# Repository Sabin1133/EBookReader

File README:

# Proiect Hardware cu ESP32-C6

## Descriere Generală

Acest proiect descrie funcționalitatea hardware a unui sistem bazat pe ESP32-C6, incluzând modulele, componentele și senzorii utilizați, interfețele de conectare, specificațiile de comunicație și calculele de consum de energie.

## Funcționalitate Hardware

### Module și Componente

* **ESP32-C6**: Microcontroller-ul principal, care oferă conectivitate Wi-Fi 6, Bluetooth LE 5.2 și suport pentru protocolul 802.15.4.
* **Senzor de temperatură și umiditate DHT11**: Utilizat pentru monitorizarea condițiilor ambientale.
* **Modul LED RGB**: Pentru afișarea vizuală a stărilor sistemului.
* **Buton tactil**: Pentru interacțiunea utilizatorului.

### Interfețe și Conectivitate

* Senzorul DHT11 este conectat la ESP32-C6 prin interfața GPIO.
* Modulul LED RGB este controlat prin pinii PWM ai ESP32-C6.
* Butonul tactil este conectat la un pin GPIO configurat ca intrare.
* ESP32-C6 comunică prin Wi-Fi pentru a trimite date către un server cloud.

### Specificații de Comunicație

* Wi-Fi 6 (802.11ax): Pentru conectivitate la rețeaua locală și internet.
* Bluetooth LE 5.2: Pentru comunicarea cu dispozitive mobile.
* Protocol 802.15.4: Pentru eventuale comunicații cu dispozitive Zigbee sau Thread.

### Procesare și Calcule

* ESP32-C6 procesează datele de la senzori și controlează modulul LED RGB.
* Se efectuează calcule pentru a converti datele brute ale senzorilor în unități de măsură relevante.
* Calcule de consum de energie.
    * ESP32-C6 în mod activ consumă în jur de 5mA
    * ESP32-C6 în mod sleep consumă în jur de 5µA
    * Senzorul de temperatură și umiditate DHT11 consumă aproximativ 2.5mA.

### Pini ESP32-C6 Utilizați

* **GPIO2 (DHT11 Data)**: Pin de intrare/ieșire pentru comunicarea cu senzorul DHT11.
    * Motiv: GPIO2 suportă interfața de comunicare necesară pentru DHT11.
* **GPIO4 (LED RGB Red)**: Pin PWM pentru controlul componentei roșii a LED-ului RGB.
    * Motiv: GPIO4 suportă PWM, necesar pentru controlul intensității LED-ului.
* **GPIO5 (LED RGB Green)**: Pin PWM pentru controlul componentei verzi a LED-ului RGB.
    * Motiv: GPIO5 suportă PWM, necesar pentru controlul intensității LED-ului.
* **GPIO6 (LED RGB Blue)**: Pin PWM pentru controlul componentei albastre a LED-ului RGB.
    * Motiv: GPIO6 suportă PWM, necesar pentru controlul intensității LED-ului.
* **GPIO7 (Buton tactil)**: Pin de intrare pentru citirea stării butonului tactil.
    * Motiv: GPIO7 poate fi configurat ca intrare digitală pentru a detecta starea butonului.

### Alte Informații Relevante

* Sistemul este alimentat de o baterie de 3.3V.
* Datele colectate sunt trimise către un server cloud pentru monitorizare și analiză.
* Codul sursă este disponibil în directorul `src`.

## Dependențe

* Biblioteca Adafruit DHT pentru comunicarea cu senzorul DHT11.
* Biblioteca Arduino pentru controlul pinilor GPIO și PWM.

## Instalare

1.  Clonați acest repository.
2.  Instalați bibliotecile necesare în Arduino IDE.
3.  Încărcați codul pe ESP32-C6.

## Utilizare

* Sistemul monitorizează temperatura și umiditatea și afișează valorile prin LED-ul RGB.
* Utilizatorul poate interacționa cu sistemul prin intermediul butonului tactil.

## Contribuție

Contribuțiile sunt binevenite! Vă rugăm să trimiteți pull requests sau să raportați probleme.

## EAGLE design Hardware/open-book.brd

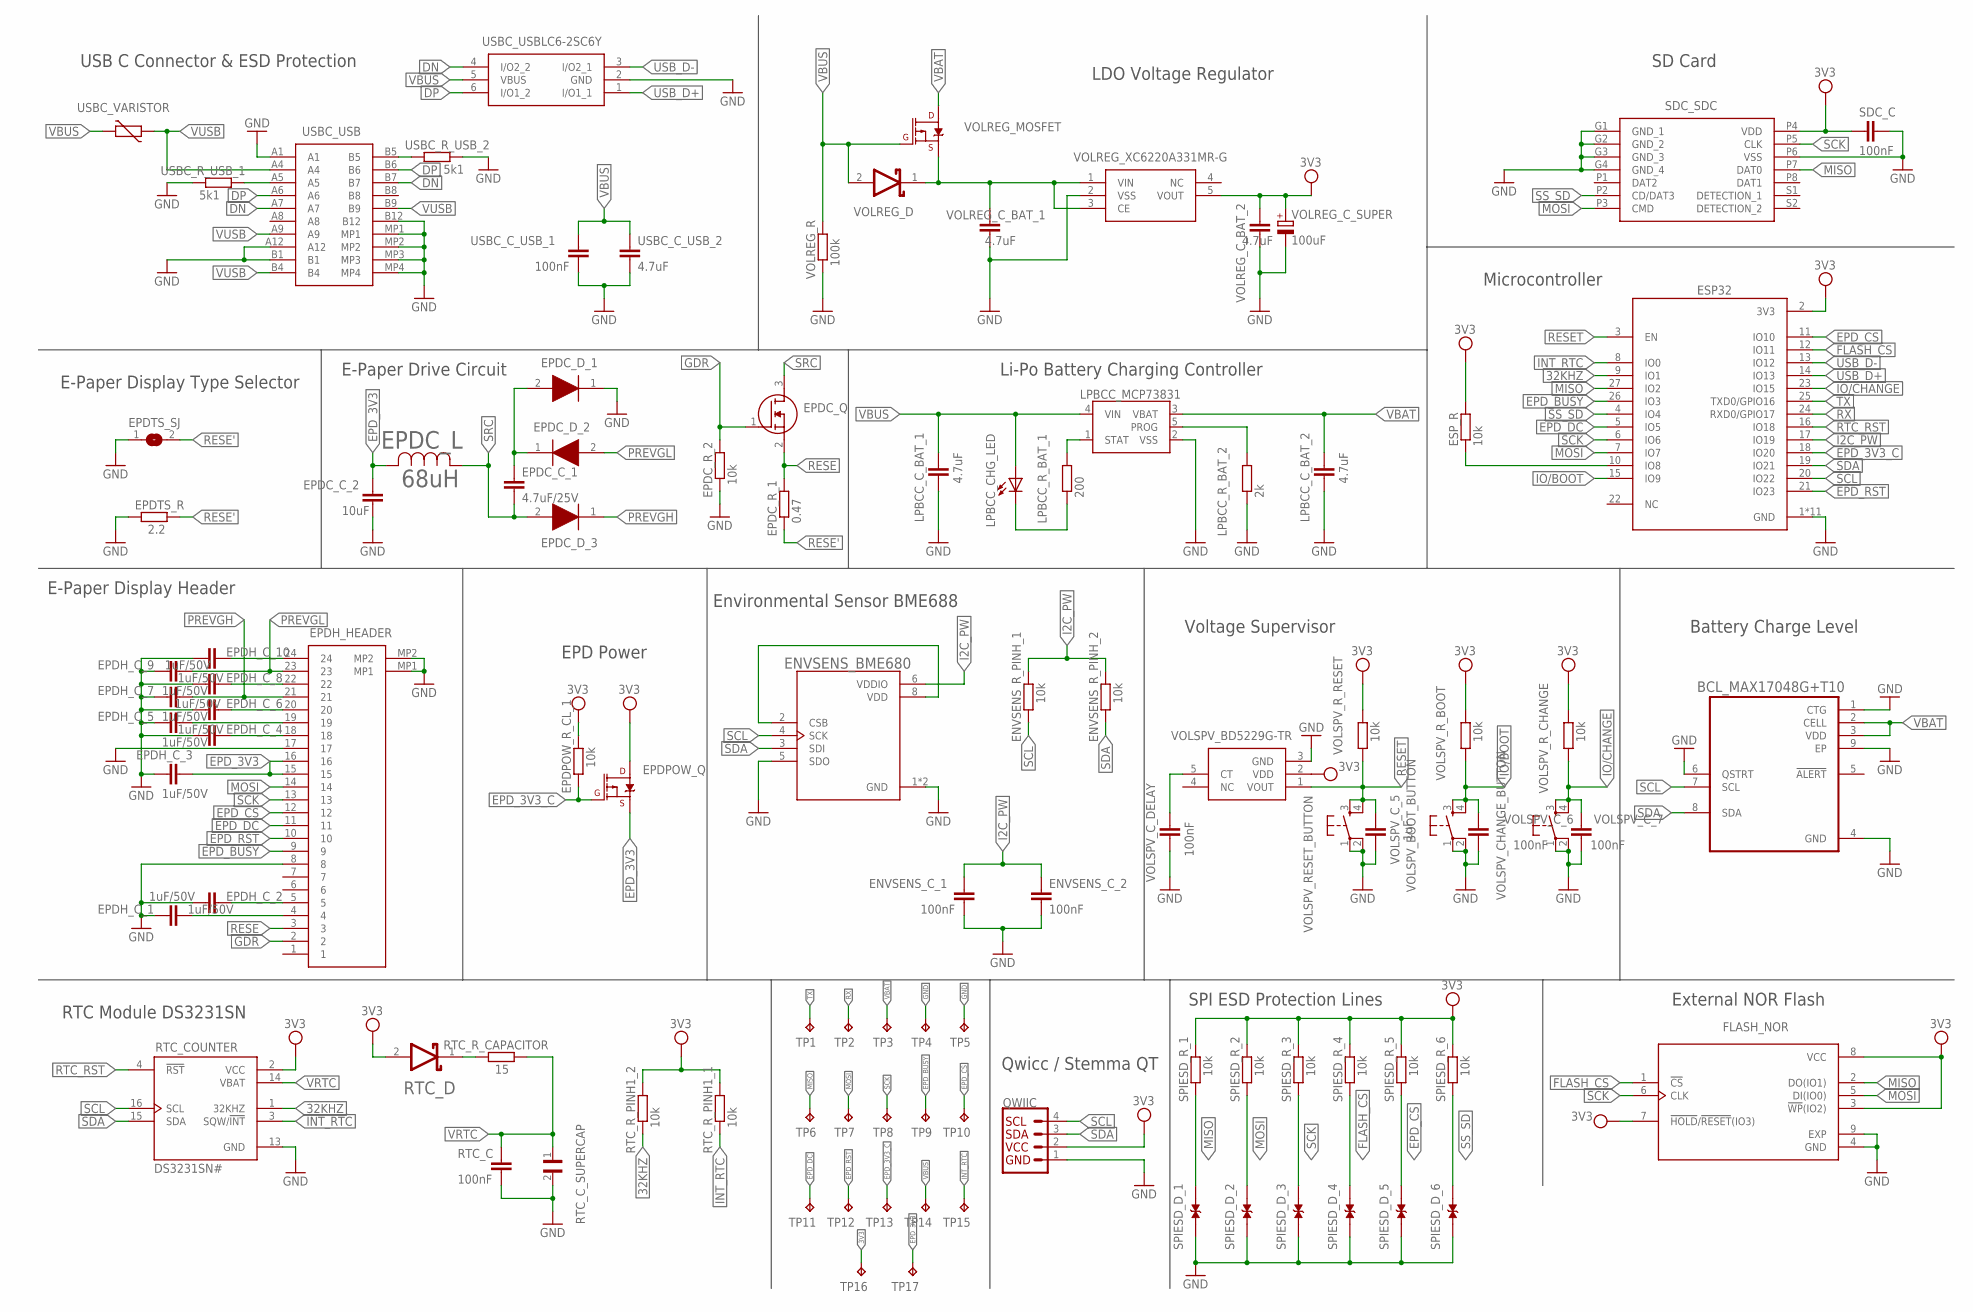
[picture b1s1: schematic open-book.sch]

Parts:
BCL_MAX17048G+T10: MAX17048G+T10; SON50P200X200X80-9N
ENVSENS_BME680: ESP32_WROVER_BME680_BME680; ESP32_WROVER_BME680_PSON80P300X300X100-8N
ENVSENS_C_1, ENVSENS_C_2: 100nF; EAGLE-LTSPICE_C0402
ENVSENS_R_PINH_1, ENVSENS_R_PINH_2: 10k; ESP32_WROVER_EAGLE-LTSPICE_R0402
EPDC_C_1: 4.7uF/25V; EAGLE-LTSPICE_C0402
EPDC_C_2: 10uF; EAGLE-LTSPICE_C0402
EPDC_D_1, EPDC_D_2, EPDC_D_3: MBR0530; SOD3716X135N
EPDC_L: 68uH; IND_4828-WE-TPC_WRE
EPDC_Q: SI1308EDL-T1-GE3; SOT65P210X110-3N
EPDC_R_1: 0.47; ESP32_WROVER_EAGLE-LTSPICE_R0402
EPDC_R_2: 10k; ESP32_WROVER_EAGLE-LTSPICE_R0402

» **What you are asked to do**
Could each line of the data be written out exactly, with no pictures included?

» **Output for this task**
# Repository Sabin1133/EBookReader

File README:

# Proiect Hardware cu ESP32-C6

## Descriere Generală

Acest proiect descrie funcționalitatea hardware a unui sistem bazat pe ESP32-C6, incluzând modulele, componentele și senzorii utilizați, interfețele de conectare, specificațiile de comunicație și calculele de consum de energie.

## Funcționalitate Hardware

### Module și Componente

* **ESP32-C6**: Microcontroller-ul principal, care oferă conectivitate Wi-Fi 6, Bluetooth LE 5.2 și suport pentru protocolul 802.15.4.
* **Senzor de temperatură și umiditate DHT11**: Utilizat pentru monitorizarea condițiilor ambientale.
* **Modul LED RGB**: Pentru afișarea vizuală a stărilor sistemului.
* **Buton tactil**: Pentru interacțiunea utilizatorului.

### Interfețe și Conectivitate

* Senzorul DHT11 este conectat la ESP32-C6 prin interfața GPIO.
* Modulul LED RGB este controlat prin pinii PWM ai ESP32-C6.
* Butonul tactil este conectat la un pin GPIO configurat ca intrare.
* ESP32-C6 comunică prin Wi-Fi pentru a trimite date către un server cloud.

### Specificații de Comunicație

* Wi-Fi 6 (802.11ax): Pentru conectivitate la rețeaua locală și internet.
* Bluetooth LE 5.2: Pentru comunicarea cu dispozitive mobile.
* Protocol 802.15.4: Pentru eventuale comunicații cu dispozitive Zigbee sau Thread.

### Procesare și Calcule

* ESP32-C6 procesează datele de la senzori și controlează modulul LED RGB.
* Se efectuează calcule pentru a converti datele brute ale senzorilor în unități de măsură relevante.
* Calcule de consum de energie.
    * ESP32-C6 în mod activ consumă în jur de 5mA
    * ESP32-C6 în mod sleep consumă în jur de 5µA
    * Senzorul de temperatură și umiditate DHT11 consumă aproximativ 2.5mA.

### Pini ESP32-C6 Utilizați

* **GPIO2 (DHT11 Data)**: Pin de intrare/ieșire pentru comunicarea cu senzorul DHT11.
    * Motiv: GPIO2 suportă interfața de comunicare necesară pentru DHT11.
* **GPIO4 (LED RGB Red)**: Pin PWM pentru controlul componentei roșii a LED-ului RGB.
    * Motiv: GPIO4 suportă PWM, necesar pentru controlul intensității LED-ului.
* **GPIO5 (LED RGB Green)**: Pin PWM pentru controlul componentei verzi a LED-ului RGB.
    * Motiv: GPIO5 suportă PWM, necesar pentru controlul intensității LED-ului.
* **GPIO6 (LED RGB Blue)**: Pin PWM pentru controlul componentei albastre a LED-ului RGB.
    * Motiv: GPIO6 suportă PWM, necesar pentru controlul intensității LED-ului.
* **GPIO7 (Buton tactil)**: Pin de intrare pentru citirea stării butonului tactil.
    * Motiv: GPIO7 poate fi configurat ca intrare digitală pentru a detecta starea butonului.

### Alte Informații Relevante

* Sistemul este alimentat de o baterie de 3.3V.
* Datele colectate sunt trimise către un server cloud pentru monitorizare și analiză.
* Codul sursă este disponibil în directorul `src`.

## Dependențe

* Biblioteca Adafruit DHT pentru comunicarea cu senzorul DHT11.
* Biblioteca Arduino pentru controlul pinilor GPIO și PWM.

## Instalare

1.  Clonați acest repository.
2.  Instalați bibliotecile necesare în Arduino IDE.
3.  Încărcați codul pe ESP32-C6.

## Utilizare

* Sistemul monitorizează temperatura și umiditatea și afișează valorile prin LED-ul RGB.
* Utilizatorul poate interacționa cu sistemul prin intermediul butonului tactil.

## Contribuție

Contribuțiile sunt binevenite! Vă rugăm să trimiteți pull requests sau să raportați probleme.

## EAGLE design Hardware/open-book.brd

[picture b1s1: schematic open-book.sch]

Parts:
BCL_MAX17048G+T10: MAX17048G+T10; SON50P200X200X80-9N
ENVSENS_BME680: ESP32_WROVER_BME680_BME680; ESP32_WROVER_BME680_PSON80P300X300X100-8N
ENVSENS_C_1, ENVSENS_C_2: 100nF; EAGLE-LTSPICE_C0402
ENVSENS_R_PINH_1, ENVSENS_R_PINH_2: 10k; ESP32_WROVER_EAGLE-LTSPICE_R0402
EPDC_C_1: 4.7uF/25V; EAGLE-LTSPICE_C0402
EPDC_C_2: 10uF; EAGLE-LTSPICE_C0402
EPDC_D_1, EPDC_D_2, EPDC_D_3: MBR0530; SOD3716X135N
EPDC_L: 68uH; IND_4828-WE-TPC_WRE
EPDC_Q: SI1308EDL-T1-GE3; SOT65P210X110-3N
EPDC_R_1: 0.47; ESP32_WROVER_EAGLE-LTSPICE_R0402
EPDC_R_2: 10k; ESP32_WROVER_EAGLE-LTSPICE_R0402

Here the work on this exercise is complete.